ACTION ITEM – Type the data below again exactly. Omit all pictures.

MATERIAL PROVIDED –
"""
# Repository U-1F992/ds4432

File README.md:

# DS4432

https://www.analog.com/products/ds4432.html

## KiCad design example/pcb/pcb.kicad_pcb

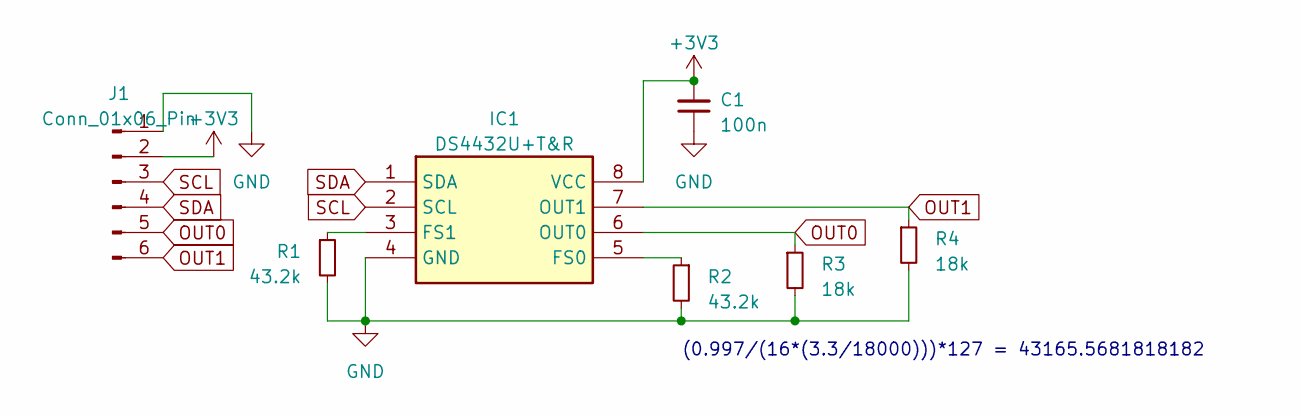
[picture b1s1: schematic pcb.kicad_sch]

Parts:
C1: 100n; C_0603_1608Metric
IC1: DS4432U+T&R; SOP65P490X110-8N; Mouser Part Number 700-DS4432UT&R
J1: Conn_01x06_Pin; PinHeader_1x06_P2.54mm_Vertical
R1, R2: 43.2k; R_0603_1608Metric
R3, R4: 18k; R_0603_1608Metric

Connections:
+3V3: C1.2, IC1.8 (VCC), J1.2
GND: C1.1, IC1.4 (GND), J1.1, R1.2, R2.2, R3.2, R4.2
unnamed: IC1.5 (FS0), R2.1
unnamed: IC1.3 (FS1), R1.1
OUT0: IC1.6 (OUT0), J1.5, R3.1
OUT1: IC1.7 (OUT1), J1.6, R4.1
SCL: IC1.2 (SCL), J1.3
SDA: IC1.1 (SDA), J1.4

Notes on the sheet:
(0.997/(16*(3.3/18000)))*127 = 43165.5681818182

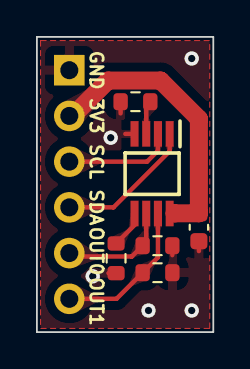
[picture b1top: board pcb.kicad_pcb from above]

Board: 2 copper layers, 9.8 x 16.4 mm, 7 parts (1 on the bottom side), 8 nets.

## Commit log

2024-02-18 Add Arduino example
2024-02-19 Fix I2C transmission
2024-02-19 Add pcb
2024-02-19 Add lib
2024-02-19 Update pcb
2024-03-03 Add test circuit
2024-03-05 Rename arduino.h to Arduino.h
2024-03-05 Renme arduino to Arduino
"""
SOLUTION TO THIS PROBLEM –
# Repository U-1F992/ds4432

File README.md:

# DS4432

https://www.analog.com/products/ds4432.html

## KiCad design example/pcb/pcb.kicad_pcb

[picture b1s1: schematic pcb.kicad_sch]

Parts:
C1: 100n; C_0603_1608Metric
IC1: DS4432U+T&R; SOP65P490X110-8N; Mouser Part Number 700-DS4432UT&R
J1: Conn_01x06_Pin; PinHeader_1x06_P2.54mm_Vertical
R1, R2: 43.2k; R_0603_1608Metric
R3, R4: 18k; R_0603_1608Metric

Connections:
+3V3: C1.2, IC1.8 (VCC), J1.2
GND: C1.1, IC1.4 (GND), J1.1, R1.2, R2.2, R3.2, R4.2
unnamed: IC1.5 (FS0), R2.1
unnamed: IC1.3 (FS1), R1.1
OUT0: IC1.6 (OUT0), J1.5, R3.1
OUT1: IC1.7 (OUT1), J1.6, R4.1
SCL: IC1.2 (SCL), J1.3
SDA: IC1.1 (SDA), J1.4

Notes on the sheet:
(0.997/(16*(3.3/18000)))*127 = 43165.5681818182

[picture b1top: board pcb.kicad_pcb from above]

Board: 2 copper layers, 9.8 x 16.4 mm, 7 parts (1 on the bottom side), 8 nets.

## Commit log

2024-02-18 Add Arduino example
2024-02-19 Fix I2C transmission
2024-02-19 Add pcb
2024-02-19 Add lib
2024-02-19 Update pcb
2024-03-03 Add test circuit
2024-03-05 Rename arduino.h to Arduino.h
2024-03-05 Renme arduino to Arduino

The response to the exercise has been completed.